Presentation Gestures Through Computer Vision (PGTCV)

Inspiration

With the sudden move to online videoconferencing, presenters and audiences have been faced with a number of challenges. Foremost among these is a lack of engagement between presenters and the audience, which is exacerbated by a lack of gestures and body language. As first year students, we have seen this negatively impact our learning throughout both high school and our first year of University. In fact, many studies, such as link, emphasize the direct link between gestures and audience engagement. As such, we wanted to find a way to give presenters the opportunity to increase audience engagement through bringing natural presentations techniques to videoconferencing.

What it does

PGTCV is a Python program that allows users to move back from their camera and incorporate body language into their presentations without losing fundamental control. In its current state, the Python script uses camera information to determine whether a user needs their slides to be moved forwards or backwards. To trigger these actions, users raise their left fist to enable the program to listen for instructions. They can then swipe with their palm out to the left or to the right to trigger a forwards or backwards slide change. This process allows users to use common body language and hand gestures without accidentally triggering the controls.

How we built it

After fetching webcam data through OpenCV2, we use Google's MediaPipe library to receive a co-ordinate representation of any hands on-screen. This is then fed through a pre-trained algorithm to listen for any left-hand controlling gestures. Once a control gesture is found, we track right-hand motion gestures, and simulate the relevant keyboard input using pynput in whatever application the user is focused on. The application also creates a new virtual camera in a host Windows machine using pyvirtualcam and Unity Capture since Windows only allows one application to use any single camera device. The virtual camera can be used by any videoconferencing application.

Challenges we ran into

Inability to get IDEs working. Mac M1 chip not supporting Tensorflow. Inability to use webcam in multiple applications at once. Setting up right-hand gesture recognition with realistic thresholds.
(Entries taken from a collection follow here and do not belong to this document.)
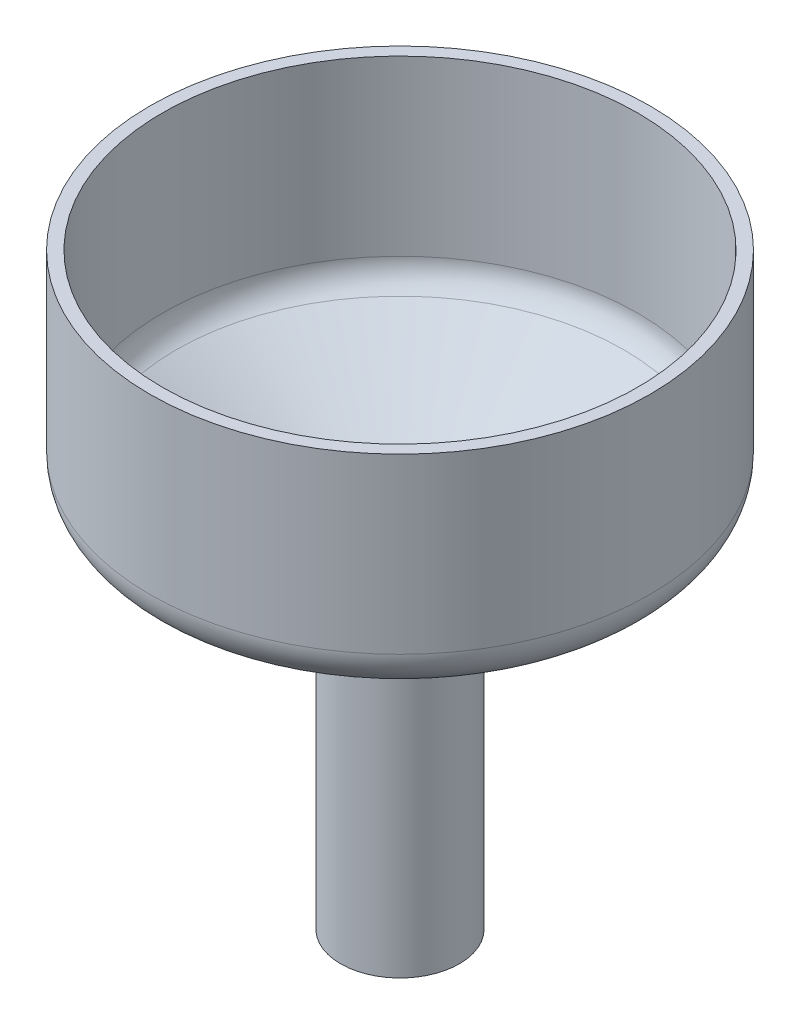
ISO-10303-21;
HEADER;
FILE_DESCRIPTION(('STEP AP214'),'2;1');
FILE_NAME('part.step','',(''),(''),'','','');
FILE_SCHEMA(('AUTOMOTIVE_DESIGN { 1 0 10303 214 1 1 1 1 }'));
ENDSEC;
DATA;
#1=APPLICATION_CONTEXT('core data for automotive mechanical design processes');
#2=APPLICATION_PROTOCOL_DEFINITION('international standard','automotive_design',2000,#1);
#3=PRODUCT_CONTEXT('',#1,'mechanical');
#4=PRODUCT('Part','Part','',(#3));
#5=PRODUCT_RELATED_PRODUCT_CATEGORY('part','',(#4));
#6=PRODUCT_DEFINITION_FORMATION('','',#4);
#7=PRODUCT_DEFINITION_CONTEXT('part definition',#1,'design');
#8=PRODUCT_DEFINITION('design','',#6,#7);
#9=PRODUCT_DEFINITION_SHAPE('','',#8);
#10=(LENGTH_UNIT() NAMED_UNIT(*) SI_UNIT(.MILLI.,.METRE.));
#11=(NAMED_UNIT(*) PLANE_ANGLE_UNIT() SI_UNIT($,.RADIAN.));
#12=(NAMED_UNIT(*) SI_UNIT($,.STERADIAN.) SOLID_ANGLE_UNIT());
#13=UNCERTAINTY_MEASURE_WITH_UNIT(LENGTH_MEASURE(1.E-05),#10,'distance_accuracy_value','');
#14=(GEOMETRIC_REPRESENTATION_CONTEXT(3) GLOBAL_UNCERTAINTY_ASSIGNED_CONTEXT((#13)) GLOBAL_UNIT_ASSIGNED_CONTEXT((#10,
#11,#12)) REPRESENTATION_CONTEXT('',''));
#15=CARTESIAN_POINT('',(0.,0.,0.));
#16=DIRECTION('',(0.,0.,1.));
#17=DIRECTION('',(1.,0.,0.));
#18=AXIS2_PLACEMENT_3D('',#15,#16,#17);
#19=CARTESIAN_POINT('',(0.,34.,0.));
#20=DIRECTION('',(0.,-1.,0.));
#21=DIRECTION('',(0.,0.,-1.));
#22=AXIS2_PLACEMENT_3D('',#19,#20,#21);
#23=CYLINDRICAL_SURFACE('',#22,7.25);
#24=CARTESIAN_POINT('',(0.,34.,0.));
#25=DIRECTION('',(0.,1.,0.));
#26=DIRECTION('',(0.,0.,1.));
#27=AXIS2_PLACEMENT_3D('',#24,#25,#26);
#28=CIRCLE('',#27,7.25);
#29=CARTESIAN_POINT('',(0.,34.,7.24999999999999));
#30=VERTEX_POINT('',#29);
#31=EDGE_CURVE('E50',#30,#30,#28,.T.);
#32=ORIENTED_EDGE('',*,*,#31,.F.);
#33=EDGE_LOOP('',(#32));
#34=FACE_BOUND('',#33,.T.);
#35=CARTESIAN_POINT('',(0.,0.,0.));
#36=DIRECTION('',(0.,1.,0.));
#37=DIRECTION('',(0.,0.,1.));
#38=AXIS2_PLACEMENT_3D('',#35,#36,#37);
#39=CIRCLE('',#38,7.25);
#40=CARTESIAN_POINT('',(0.,0.,7.25));
#41=VERTEX_POINT('',#40);
#42=EDGE_CURVE('E54',#41,#41,#39,.T.);
#43=ORIENTED_EDGE('',*,*,#42,.T.);
#44=EDGE_LOOP('',(#43));
#45=FACE_BOUND('',#44,.T.);
#46=ADVANCED_FACE('F39',(#34,#45),#23,.T.);
#47=CARTESIAN_POINT('',(0.,0.,0.));
#48=DIRECTION('',(0.,1.,0.));
#49=DIRECTION('',(0.,0.,1.));
#50=AXIS2_PLACEMENT_3D('',#47,#48,#49);
#51=PLANE('',#50);
#52=CARTESIAN_POINT('',(0.,0.,0.));
#53=DIRECTION('',(0.,1.,0.));
#54=DIRECTION('',(0.,0.,1.));
#55=AXIS2_PLACEMENT_3D('',#52,#53,#54);
#56=CIRCLE('',#55,5.75);
#57=CARTESIAN_POINT('',(0.,0.,5.75));
#58=VERTEX_POINT('',#57);
#59=EDGE_CURVE('E68',#58,#58,#56,.T.);
#60=ORIENTED_EDGE('',*,*,#59,.T.);
#61=EDGE_LOOP('',(#60));
#62=FACE_BOUND('',#61,.T.);
#63=ORIENTED_EDGE('',*,*,#42,.F.);
#64=EDGE_LOOP('',(#63));
#65=FACE_BOUND('',#64,.T.);
#66=ADVANCED_FACE('F98',(#62,#65),#51,.F.);
#67=CARTESIAN_POINT('',(0.,34.,0.));
#68=DIRECTION('',(0.,1.,0.));
#69=DIRECTION('',(0.,0.,1.));
#70=AXIS2_PLACEMENT_3D('',#67,#68,#69);
#71=CONICAL_SURFACE('',#70,7.25,1.0351341645638);
#72=CARTESIAN_POINT('',(0.,46.3470249026098,0.));
#73=DIRECTION('',(0.,1.,0.));
#74=DIRECTION('',(0.,0.,1.));
#75=AXIS2_PLACEMENT_3D('',#72,#73,#74);
#76=CIRCLE('',#75,28.0520528250491);
#77=CARTESIAN_POINT('',(0.,46.3470249026098,28.0520528250491));
#78=VERTEX_POINT('',#77);
#79=EDGE_CURVE('E11',#78,#78,#76,.F.);
#80=CARTESIAN_POINT('',(0.,46.3470249026098,28.0520528250491));
#81=CARTESIAN_POINT('',(0.,46.2184100598743,27.8353647747882));
#82=CARTESIAN_POINT('',(0.,46.0897952171388,27.6186767245273));
#83=CARTESIAN_POINT('',(0.,45.8325655316677,27.1853006240054));
#84=CARTESIAN_POINT('',(0.,45.7039506889322,26.9686125737445));
#85=CARTESIAN_POINT('',(0.,45.4467210034612,26.5352364732226));
#86=CARTESIAN_POINT('',(0.,45.3181061607256,26.3185484229617));
#87=CARTESIAN_POINT('',(0.,45.0608764752546,25.8851723224398));
#88=CARTESIAN_POINT('',(0.,44.9322616325191,25.6684842721789));
#89=CARTESIAN_POINT('',(0.,44.6750319470481,25.235108171657));
#90=CARTESIAN_POINT('',(0.,44.5464171043125,25.0184201213961));
#91=CARTESIAN_POINT('',(0.,44.2891874188415,24.5850440208743));
#92=CARTESIAN_POINT('',(0.,44.160572576106,24.3683559706133));
#93=CARTESIAN_POINT('',(0.,43.9033428906349,23.9349798700915));
#94=CARTESIAN_POINT('',(0.,43.7747280478994,23.7182918198305));
#95=CARTESIAN_POINT('',(0.,43.5174983624284,23.2849157193087));
#96=CARTESIAN_POINT('',(0.,43.3888835196929,23.0682276690478));
#97=CARTESIAN_POINT('',(0.,43.1316538342218,22.6348515685259));
#98=CARTESIAN_POINT('',(0.,43.0030389914863,22.418163518265));
#99=CARTESIAN_POINT('',(0.,42.7458093060153,21.9847874177431));
#100=CARTESIAN_POINT('',(0.,42.6171944632798,21.7680993674822));
#101=CARTESIAN_POINT('',(0.,42.3599647778087,21.3347232669603));
#102=CARTESIAN_POINT('',(0.,42.2313499350732,21.1180352166994));
#103=CARTESIAN_POINT('',(0.,41.9741202496022,20.6846591161776));
#104=CARTESIAN_POINT('',(0.,41.8455054068666,20.4679710659166));
#105=CARTESIAN_POINT('',(0.,41.5882757213956,20.0345949653948));
#106=CARTESIAN_POINT('',(0.,41.4596608786601,19.8179069151338));
#107=CARTESIAN_POINT('',(0.,41.202431193189,19.384530814612));
#108=CARTESIAN_POINT('',(0.,41.0738163504535,19.1678427643511));
#109=CARTESIAN_POINT('',(0.,40.8165866649825,18.7344666638292));
#110=CARTESIAN_POINT('',(0.,40.687971822247,18.5177786135683));
#111=CARTESIAN_POINT('',(0.,40.4307421367759,18.0844025130464));
#112=CARTESIAN_POINT('',(0.,40.3021272940404,17.8677144627855));
#113=CARTESIAN_POINT('',(0.,40.0448976085694,17.4343383622636));
#114=CARTESIAN_POINT('',(0.,39.9162827658339,17.2176503120027));
#115=CARTESIAN_POINT('',(0.,39.6590530803628,16.7842742114808));
#116=CARTESIAN_POINT('',(0.,39.5304382376273,16.5675861612199));
#117=CARTESIAN_POINT('',(0.,39.2732085521563,16.1342100606981));
#118=CARTESIAN_POINT('',(0.,39.1445937094207,15.9175220104371));
#119=CARTESIAN_POINT('',(0.,38.8873640239497,15.4841459099153));
#120=CARTESIAN_POINT('',(0.,38.7587491812142,15.2674578596543));
#121=CARTESIAN_POINT('',(0.,38.5015194957432,14.8340817591325));
#122=CARTESIAN_POINT('',(0.,38.3729046530076,14.6173937088716));
#123=CARTESIAN_POINT('',(0.,38.1156749675366,14.1840176083497));
#124=CARTESIAN_POINT('',(0.,37.9870601248011,13.9673295580888));
#125=CARTESIAN_POINT('',(0.,37.72983043933,13.5339534575669));
#126=CARTESIAN_POINT('',(0.,37.6012155965945,13.317265407306));
#127=CARTESIAN_POINT('',(0.,37.3439859111235,12.8838893067841));
#128=CARTESIAN_POINT('',(0.,37.215371068388,12.6672012565232));
#129=CARTESIAN_POINT('',(0.,36.9581413829169,12.2338251560013));
#130=CARTESIAN_POINT('',(0.,36.8295265401814,12.0171371057404));
#131=CARTESIAN_POINT('',(0.,36.5722968547104,11.5837610052186));
#132=CARTESIAN_POINT('',(0.,36.4436820119749,11.3670729549576));
#133=CARTESIAN_POINT('',(0.,36.1864523265038,10.9336968544358));
#134=CARTESIAN_POINT('',(0.,36.0578374837683,10.7170088041748));
#135=CARTESIAN_POINT('',(0.,35.8006077982973,10.283632703653));
#136=CARTESIAN_POINT('',(0.,35.6719929555617,10.0669446533921));
#137=CARTESIAN_POINT('',(0.,35.4147632700907,9.63356855287021));
#138=CARTESIAN_POINT('',(0.,35.2861484273552,9.41688050260928));
#139=CARTESIAN_POINT('',(0.,35.0289187418841,8.98350440208742));
#140=CARTESIAN_POINT('',(0.,34.9003038991486,8.76681635182649));
#141=CARTESIAN_POINT('',(0.,34.6430742136776,8.33344025130464));
#142=CARTESIAN_POINT('',(0.,34.5144593709421,8.11675220104371));
#143=CARTESIAN_POINT('',(0.,34.257229685471,7.68337610052185));
#144=CARTESIAN_POINT('',(0.,34.1286148427355,7.46668805026092));
#145=CARTESIAN_POINT('',(0.,34.,7.24999999999999));
#146=B_SPLINE_CURVE_WITH_KNOTS('',3,(#80,#81,#82,#83,#84,#85,#86,#87,#88,#89,#90,#91,#92,#93,
#94,#95,#96,#97,#98,#99,#100,#101,#102,#103,#104,#105,#106,#107,#108,#109,#110,#111,#112,#113,
#114,#115,#116,#117,#118,#119,#120,#121,#122,#123,#124,#125,#126,#127,#128,#129,#130,#131,#132,
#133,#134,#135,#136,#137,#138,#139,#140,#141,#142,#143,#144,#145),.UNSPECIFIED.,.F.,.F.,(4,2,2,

Accomplishments that we're proud of

Successfully implementing our idea in our first hackathon. Getting a functional and relatively bug-free version of the program running with time to spare. Learning to successfully work with a number of technologies that we previously had no experience with (everything other than Python).

What we learned

A number of relevant technologies. Implementing simple computer vision algorithms. Taking code from idea to functional prototype in a limited amount of time.

What's next for Presentation Gestures Through Computer Vision (PGTCV)

A better name. Implementation of a wider range of gestures. Optimization of algorithms. Increased accuracy in detecting gestures. Implementation into existing videoconferencing applications.